The 1999 film Magnolia really marked the day Hollywood handed Paul Thomas Anderson the key to the city; the freedom to make any film he desired and he pushed that sports car to the limit, crashed through the barricade and left the audience to watch as it engulfed in flames.

Since then Anderson has shown great versatility in his characters, storylines, and casting decisions; particularly when he showed the world that notorious goofball Adam Sandler had some serious acting chops in the one of a kind art house flick, Punch-Drunk Love.

But it was There Will Be Blood that marked a more distinct change in his filmmaking choices. This was a different film. It was slow, calculated, and mostly subdued except for a few casualties in the oil fields and bowling alleys.

The Master follows a very similar pattern. Phoenix’s portrayal of a post-WWII unhinged and impressionable drunk is a good rival for Day-Lewis’ greed-driven oil tycoon. In this film, Anderson again looks at Man with an unflinching eye. He does not cut to the most entertaining or high octane moments of a man’s life but instead zeroes in on the subtle, defining moments of a man’s character.

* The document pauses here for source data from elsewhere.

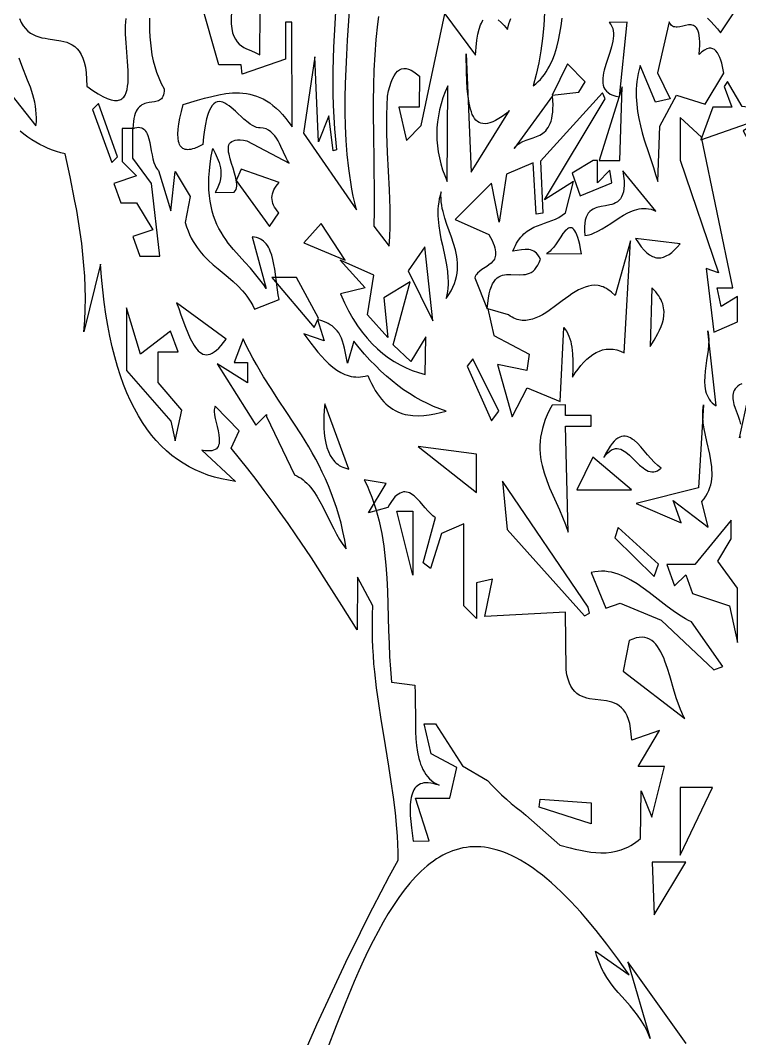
# Model space of a CAD drawing. Header units: metres. Extents: x 0 to 50, y 0 to 50.
# Drawn here: x 11.65 to 19.95, y 30.81 to 42.56 of the extents above; entities that cross this region are included whole.
import ezdxf

# ---------------------------------------------------------------- set-up
doc = ezdxf.new("R2010")
doc.units = ezdxf.units.M

msp = doc.modelspace()

# ---------------------------------------------------------------- linework, layer by layer
for points in [[(13.14576, 42.584728), (13.144891, 42.512332), (13.145844, 42.440537), (13.148882, 42.369403), (13.154271, 42.298988), (13.162276, 42.229353), (13.173161, 42.160556), (13.187192, 42.092656), (13.204633, 42.025714), (13.225748, 41.959786), (13.250804, 41.894934), (13.280063, 41.831217), (13.313792, 41.768692), (13.313792, 41.768692), (13.312992, 41.741838), (13.310256, 41.718521), (13.305712, 41.698469), (13.299483, 41.681409), (13.291697, 41.667066), (13.282479, 41.655169), (13.271956, 41.645445), (13.260252, 41.637619), (13.247493, 41.631419), (13.233807, 41.626572), (13.204152, 41.619844), (13.139238, 41.610605), (13.105993, 41.603725), (13.089614, 41.598763), (13.073566, 41.592424), (13.057973, 41.584433), (13.042961, 41.574517), (13.028658, 41.562404), (13.015188, 41.54782), (13.002677, 41.530493), (12.991252, 41.510148), (12.981037, 41.486514), (12.97216, 41.459317), (12.964745, 41.428283), (12.958919, 41.39314), (12.954807, 41.353614), (12.952536, 41.309433), (12.952536, 41.309433), (12.975839, 41.317918), (12.997172, 41.323098), (13.016641, 41.325152), (13.034352, 41.324259), (13.050412, 41.320597), (13.064928, 41.314345), (13.078005, 41.305682), (13.089751, 41.294787), (13.100271, 41.281838), (13.109673, 41.267014), (13.118063, 41.250494), (13.125547, 41.232457), (13.138225, 41.192545), (13.148558, 41.148707), (13.165599, 41.054977), (13.174011, 41.007943), (13.183486, 40.962704), (13.194877, 40.920689), (13.209036, 40.883329), (13.21742, 40.86684), (13.226815, 40.852052), (13.237327, 40.839142), (13.249065, 40.828289), (13.390881, 40.362583), (13.440908, 40.813721), (13.613032, 40.52628), (13.557324, 40.226687), (13.557324, 40.226687), (13.572499, 40.177767), (13.589226, 40.131724), (13.607414, 40.088385), (13.62697, 40.047576), (13.647803, 40.009124), (13.669822, 39.972855), (13.692933, 39.938596), (13.717047, 39.906173), (13.74207, 39.875414), (13.767911, 39.846143), (13.82168, 39.791378), (13.877619, 39.740488), (13.934995, 39.692088), (14.051118, 39.597203), (14.108397, 39.547944), (14.164175, 39.495623), (14.217717, 39.438853), (14.243421, 39.408365), (14.268291, 39.376246), (14.292234, 39.34232), (14.315161, 39.306414), (14.336977, 39.268356), (14.357592, 39.227971), (14.642055, 39.337193), (14.642055, 39.337193), (14.630211, 39.392673), (14.620523, 39.450273), (14.604882, 39.568859), (14.58967, 39.687011), (14.580518, 39.744067), (14.569425, 39.798787), (14.555709, 39.850428), (14.538687, 39.898247), (14.528723, 39.920491), (14.517676, 39.941501), (14.505461, 39.961184), (14.491993, 39.979448), (14.477187, 39.996199), (14.460956, 40.011344), (14.443216, 40.024792), (14.423882, 40.036449), (14.402868, 40.046221), (14.380088, 40.054017), (14.355458, 40.059744), (14.328892, 40.063308), (14.490091, 39.46659), (14.490091, 39.46659), (14.462295, 39.508164), (14.433253, 39.548293), (14.372154, 39.62502), (14.308233, 39.698385), (14.242927, 39.770004), (14.177677, 39.841492), (14.113919, 39.914464), (14.053094, 39.990536), (14.02423, 40.03024), (13.996639, 40.071323), (13.9705, 40.11399), (13.945994, 40.158441), (13.923299, 40.204878), (13.902596, 40.253503), (13.884065, 40.304519), (13.867885, 40.358127), (13.854237, 40.414529), (13.843299, 40.473927), (13.835253, 40.536523), (13.830277, 40.602518), (13.828553, 40.672116), (13.830258, 40.745516), (13.835574, 40.822923), (13.84468, 40.904537), (13.857756, 40.99056), (13.874982, 41.081194), (13.874982, 41.081194), (13.90108, 41.027627), (13.926412, 40.973567), (13.948149, 40.917861), (13.956786, 40.889028), (13.963463, 40.85935), (13.967829, 40.828682), (13.969528, 40.796879), (13.968207, 40.763798), (13.963514, 40.729293), (13.955094, 40.69322), (13.942595, 40.655435), (13.925662, 40.615792), (13.903942, 40.574148), (14.122732, 40.57826), (14.122732, 40.57826), (14.134484, 40.592638), (14.14295, 40.609206), (14.148413, 40.627772), (14.151154, 40.648143), (14.151456, 40.670126), (14.149601, 40.693527), (14.140551, 40.743814), (14.12626, 40.797461), (14.108988, 40.852925), (14.090992, 40.908662), (14.074531, 40.963129), (14.061862, 41.014782), (14.057655, 41.039071), (14.055244, 41.062078), (14.054909, 41.08361), (14.056934, 41.103474), (14.061601, 41.121476), (14.069192, 41.137425), (14.079989, 41.151127), (14.094274, 41.162389), (14.112331, 41.171019), (14.13444, 41.176823), (14.160885, 41.179608), (14.191948, 41.179182), (14.22791, 41.175351), (14.269054, 41.167923), (14.754165, 40.910726), (14.754165, 40.910726), (14.737793, 40.94047), (14.722123, 40.971921), (14.691795, 41.038009), (14.660991, 41.105107), (14.644727, 41.137821), (14.627523, 41.169332), (14.609106, 41.199154), (14.589202, 41.226802), (14.567537, 41.25179), (14.543838, 41.273634), (14.51783, 41.291849), (14.489242, 41.305947), (14.457798, 41.315446), (14.423225, 41.319858), (14.423225, 41.319858), (14.401195, 41.320132), (14.378585, 41.324916), (14.355463, 41.333719), (14.331894, 41.346049), (14.307943, 41.361416), (14.283678, 41.379327), (14.234465, 41.420816), (14.135162, 41.512704), (14.086127, 41.555238), (14.061994, 41.573932), (14.038207, 41.590255), (14.01483, 41.603717), (13.99193, 41.613825), (13.969572, 41.620088), (13.947823, 41.622015), (13.926749, 41.619113), (13.906415, 41.610892), (13.886888, 41.59686), (13.868234, 41.576526), (13.850518, 41.549397), (13.833807, 41.514983), (13.818166, 41.472792), (13.803662, 41.422332), (13.79036, 41.363113), (13.778327, 41.294641), (13.767628, 41.216427), (13.75833, 41.127978), (13.75833, 41.127978), (13.70764, 41.101132), (13.661989, 41.08206), (13.641043, 41.075417), (13.621346, 41.070689), (13.602892, 41.067868), (13.58568, 41.066943), (13.569704, 41.067906), (13.554961, 41.070748), (13.541447, 41.075459), (13.529159, 41.082029), (13.518093, 41.09045), (13.508244, 41.100711), (13.499609, 41.112804), (13.492185, 41.12672), (13.485966, 41.142449), (13.480951, 41.159981), (13.474513, 41.200419), (13.47284, 41.24796), (13.475902, 41.302528), (13.483669, 41.36405), (13.496109, 41.43245), (13.513193, 41.507654), (13.534891, 41.589587), (13.534891, 41.589587), (13.698828, 41.637799), (13.780527, 41.66122), (13.861945, 41.68255), (13.943005, 41.700564), (14.023632, 41.714034), (14.063759, 41.718682), (14.103749, 41.721735), (14.143593, 41.723039), (14.183281, 41.722441), (14.222804, 41.719787), (14.262151, 41.714925), (14.301314, 41.707702), (14.340284, 41.697963), (14.37905, 41.685555), (14.417603, 41.670326), (14.455933, 41.652122), (14.494031, 41.63079), (14.531888, 41.606177), (14.569495, 41.578129), (14.60684, 41.546493), (14.643916, 41.511116), (14.680712, 41.471844), (14.717219, 41.428524), (14.753427, 41.381004), (14.789327, 41.32913), (14.788063, 42.537601), (14.714624, 42.537601), (14.714624, 42.110249), (14.213651, 41.939698), (14.200548, 42.047035), (13.943379, 42.047035), (13.30061, 44.303123)], [(19.583169, 42.584007), (19.622282, 42.545672), (19.660753, 42.505194), (19.698193, 42.461716), (19.734213, 42.414384), (20.03783, 42.877661), (20.30365, 42.462389), (20.638272, 42.957165)], [(14.089487, 42.658361), (14.089487, 42.658361), (14.08551, 42.584985), (14.086738, 42.520789), (14.092755, 42.465018), (14.103145, 42.416917), (14.117493, 42.37573), (14.135383, 42.340701), (14.156399, 42.311076), (14.180127, 42.286099), (14.206149, 42.265015), (14.234051, 42.247068), (14.263416, 42.231504), (14.29383, 42.217566), (14.35614, 42.191549), (14.387205, 42.177959), (14.417655, 42.162975), (14.421917, 42.660243), (14.089487, 42.658361)], [(15.290354, 42.655851), (15.27422, 42.385148), (15.267774, 42.249953), (15.262797, 42.114899), (15.259579, 41.980013), (15.258414, 41.845323), (15.259591, 41.710858), (15.263403, 41.576644), (15.270141, 41.44271), (15.280096, 41.309083), (15.30214, 41.065903), (15.262966, 41.052577), (15.213596, 41.457312), (15.094691, 41.159461), (15.051826, 42.136512), (14.922975, 41.258661), (15.531126, 40.373758), (15.531126, 40.373758), (15.512337, 40.452524), (15.495302, 40.531607), (15.479955, 40.610996), (15.46623, 40.690681), (15.45406, 40.77065), (15.44338, 40.850893), (15.426226, 41.012155), (15.414238, 41.174382), (15.406886, 41.337484), (15.403644, 41.501376), (15.403983, 41.665969), (15.407372, 41.831178), (15.413286, 41.996913), (15.421193, 42.16309), (15.430567, 42.329619), (15.451599, 42.663389)], [(17.701741, 42.650667), (17.692654, 42.49829), (17.678705, 42.351248), (17.659749, 42.208856), (17.635639, 42.070428), (17.60623, 41.935281), (17.571376, 41.802727)], [(10.808122, 42.636499), (11.835086, 41.342704), (11.835086, 41.342704), (11.839243, 41.389733), (11.840446, 41.436024), (11.838916, 41.481635), (11.834876, 41.526623), (11.828549, 41.571043), (11.820157, 41.614954), (11.809921, 41.658411), (11.798065, 41.701472), (11.770378, 41.786631), (11.738876, 41.870886), (11.671533, 42.038502), (11.639249, 42.122772)], [(11.645639, 42.581106), (11.665572, 42.535441), (11.688292, 42.496397), (11.713541, 42.463387), (11.741064, 42.435824), (11.770607, 42.413121), (11.801912, 42.394692), (11.834725, 42.379948), (11.868789, 42.368303), (11.90385, 42.359171), (11.939651, 42.351963), (11.975937, 42.346094), (12.048942, 42.336021), (12.120819, 42.324257), (12.155695, 42.316274), (12.189522, 42.306106), (12.222045, 42.293168), (12.253008, 42.276872), (12.282155, 42.256632), (12.309231, 42.231859), (12.33398, 42.201968), (12.356146, 42.166371), (12.375474, 42.124482), (12.391708, 42.075713), (12.404592, 42.019477), (12.413871, 41.955187), (12.41929, 41.882257), (12.420592, 41.800099), (12.420592, 41.800099), (12.48952, 41.750387), (12.551749, 41.710117), (12.607597, 41.678838), (12.657387, 41.656097), (12.701438, 41.641442), (12.721412, 41.637006), (12.740071, 41.634422), (12.757456, 41.633634), (12.773607, 41.634585), (12.788563, 41.637218), (12.802366, 41.641478), (12.815054, 41.647308), (12.826669, 41.654651), (12.83725, 41.66345), (12.846837, 41.67365), (12.863189, 41.698025), (12.876048, 41.727323), (12.885733, 41.761093), (12.892564, 41.798882), (12.896864, 41.840238), (12.898951, 41.884711), (12.899147, 41.931847), (12.897773, 41.981196), (12.891594, 42.084721), (12.874497, 42.298432), (12.868707, 42.401387), (12.867624, 42.450309), (12.868177, 42.496923), (12.870685, 42.540779), (12.87547, 42.581424)], [(15.788497, 42.602673), (15.776787, 42.515059), (15.757713, 42.339205), (15.743842, 42.16256), (15.734464, 41.98518), (15.728867, 41.807122), (15.72634, 41.62844), (15.726172, 41.449191), (15.727651, 41.26943), (15.732708, 40.908594), (15.735821, 40.546379), (15.734872, 40.364893), (15.731303, 40.18323), (15.909354, 39.955847), (15.909354, 39.955847), (15.916331, 40.064266), (15.920144, 40.172555), (15.92124, 40.280731), (15.920065, 40.388814), (15.917066, 40.496819), (15.91269, 40.604765), (15.901593, 40.820548), (15.890349, 41.036305), (15.882531, 41.252174), (15.881024, 41.360196), (15.881714, 41.468298), (15.885048, 41.5765), (15.891472, 41.684817), (15.891472, 41.684817), (15.903262, 41.7444), (15.91663, 41.797687), (15.931557, 41.844735), (15.948026, 41.885602), (15.966017, 41.920345), (15.985513, 41.94902), (16.006495, 41.971686), (16.028945, 41.988399), (16.052845, 41.999216), (16.078176, 42.004194), (16.104919, 42.003391), (16.133057, 41.996864), (16.162571, 41.98467), (16.193442, 41.966865), (16.225653, 41.943508), (16.259186, 41.914655), (16.256853, 41.556469), (16.02134, 41.556469), (16.108117, 41.17442), (16.278862, 41.345503), (16.551132, 42.63393), (16.905159, 42.157907), (16.905159, 42.157907), (16.91247, 42.249897), (16.922157, 42.330531), (16.934162, 42.400144), (16.948423, 42.459071), (16.96488, 42.507649), (16.973913, 42.528161), (16.983472, 42.546212), (16.99355, 42.561842)], [(17.168336, 42.563903), (17.201836, 42.534418), (17.236928, 42.497936), (17.273551, 42.454793), (17.273551, 42.454793), (17.292198, 42.517315), (17.312752, 42.57915)], [(17.571376, 41.802727), (17.571376, 41.802727), (17.600761, 41.82657), (17.628353, 41.85188), (17.654218, 41.878604), (17.678422, 41.906687), (17.701029, 41.936077), (17.722105, 41.966719), (17.741716, 41.998561), (17.759925, 42.031549), (17.7768, 42.065628), (17.792405, 42.100746), (17.820065, 42.173883), (17.84343, 42.250531), (17.863021, 42.330262), (17.879362, 42.412646), (17.892973, 42.497255), (17.904378, 42.583661)], [(18.655655, 42.537601), (18.449568, 42.532606), (18.449568, 42.532606), (18.46673, 42.511777), (18.479749, 42.488975), (18.488952, 42.464358), (18.494666, 42.438085), (18.497218, 42.410317), (18.496936, 42.381212), (18.494147, 42.350929), (18.489177, 42.319628), (18.474007, 42.254608), (18.454042, 42.187425), (18.410203, 42.051667), (18.391563, 41.985641), (18.384208, 41.953648), (18.3786, 41.922547), (18.375065, 41.892498), (18.373931, 41.863661), (18.375525, 41.836193), (18.380174, 41.810255), (18.388206, 41.786006), (18.399947, 41.763604), (18.415725, 41.74321), (18.435867, 41.724983), (18.460701, 41.709081), (18.490553, 41.695664), (18.52575, 41.684891), (18.56662, 41.676922), (18.655655, 42.537601)], [(19.14214, 42.543482), (19.003886, 41.952402), (19.15054, 41.652391), (18.981886, 41.613985), (18.804308, 42.039243), (18.804308, 42.039243), (18.792447, 41.992166), (18.782582, 41.945688), (18.774631, 41.899783), (18.768511, 41.854426), (18.76414, 41.80959), (18.761437, 41.765249), (18.760321, 41.721377), (18.760708, 41.677947), (18.765666, 41.592311), (18.775657, 41.508132), (18.790025, 41.425199), (18.808115, 41.343304), (18.829272, 41.262237), (18.85284, 41.181788), (18.904589, 41.021909), (18.958119, 40.861992), (18.983914, 40.781495), (19.008187, 40.700361), (19.032155, 41.336845), (19.226075, 41.697695), (19.557538, 41.5917), (19.772794, 41.948126), (19.772794, 41.948126), (19.7564, 42.028747), (19.746791, 42.066048), (19.736106, 42.100787), (19.724245, 42.132552), (19.711109, 42.160926), (19.696598, 42.185495), (19.68061, 42.205844), (19.663047, 42.221558), (19.643807, 42.232221), (19.633527, 42.23553), (19.622791, 42.23742), (19.611586, 42.23784), (19.599899, 42.236738), (19.57503, 42.229761), (19.548084, 42.216074), (19.518962, 42.195262), (19.487562, 42.16691), (19.487562, 42.16691), (19.491517, 42.221443), (19.493351, 42.27006), (19.493183, 42.313078), (19.491129, 42.350812), (19.487306, 42.383578), (19.48183, 42.411692), (19.474819, 42.435468), (19.466389, 42.455224), (19.456657, 42.471273), (19.445739, 42.483932), (19.433754, 42.493516), (19.420817, 42.500342), (19.407045, 42.504724), (19.392555, 42.506978), (19.377465, 42.50742), (19.361889, 42.506366), (19.329754, 42.501029), (19.297082, 42.493493), (19.26481, 42.486283), (19.233871, 42.481923), (19.219194, 42.481601), (19.2052, 42.482938), (19.192007, 42.48625), (19.179732, 42.491853), (19.168491, 42.500062), (19.1584, 42.511193), (19.149578, 42.525561), (19.14214, 42.543482)], [(16.797155, 42.172367), (16.854943, 40.806071), (17.298949, 41.518171), (17.298949, 41.518171), (17.254773, 41.482423), (17.213316, 41.451763), (17.174489, 41.426047), (17.138205, 41.405128), (17.104375, 41.388859), (17.072911, 41.377094), (17.043726, 41.369686), (17.016731, 41.36649), (16.991839, 41.367358), (16.968961, 41.372144), (16.94801, 41.380702), (16.928897, 41.392885), (16.911534, 41.408547), (16.895833, 41.427541), (16.881707, 41.449722), (16.869068, 41.474942), (16.857826, 41.503055), (16.847895, 41.533915), (16.839186, 41.567376), (16.831612, 41.60329), (16.819513, 41.681894), (16.810896, 41.768557), (16.805056, 41.862108), (16.801288, 41.961373), (16.797155, 42.172367)], [(17.966931, 42.056207), (17.790829, 41.695955), (18.098701, 41.729779), (18.169727, 41.84839), (17.966931, 42.056207)], [(19.776548, 41.796341), (19.862731, 41.556469), (19.642413, 41.556469), (19.507316, 41.180456), (20.276524, 41.451538), (19.995862, 41.282807), (20.259637, 40.791968), (20.338708, 41.520493), (19.98112, 41.566059), (19.814062, 41.853757), (19.776548, 41.796341)], [(16.585847, 41.802184), (16.585847, 41.802184), (16.556347, 41.733122), (16.53077, 41.664071), (16.50911, 41.59503), (16.491356, 41.526), (16.4775, 41.456982), (16.467532, 41.387975), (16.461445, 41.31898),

Anderson asks the questions of life that everyone finds themselves asking at one time. Phoenix’s character, Freddie Quell, seeks someone with all the answers and believes he finds it in Lancaster Dodd, as played brilliantly by Philip Seymour Hoffman.

Film has the inherent problem of relying on an ending; some viable closure for the story that just never happens in real life. Life keeps going. The sun always rises again even after the credits roll on a particular chapter of our lives. Anderson closes this film’s unanswerable questions beautifully.

With all its ambiguity, Freddie Quell leaves the audience with the assurance and self-actualization that there are no masters in this world but instead people, knowledgeable of personal flaws and understanding of the ability to control when necessary.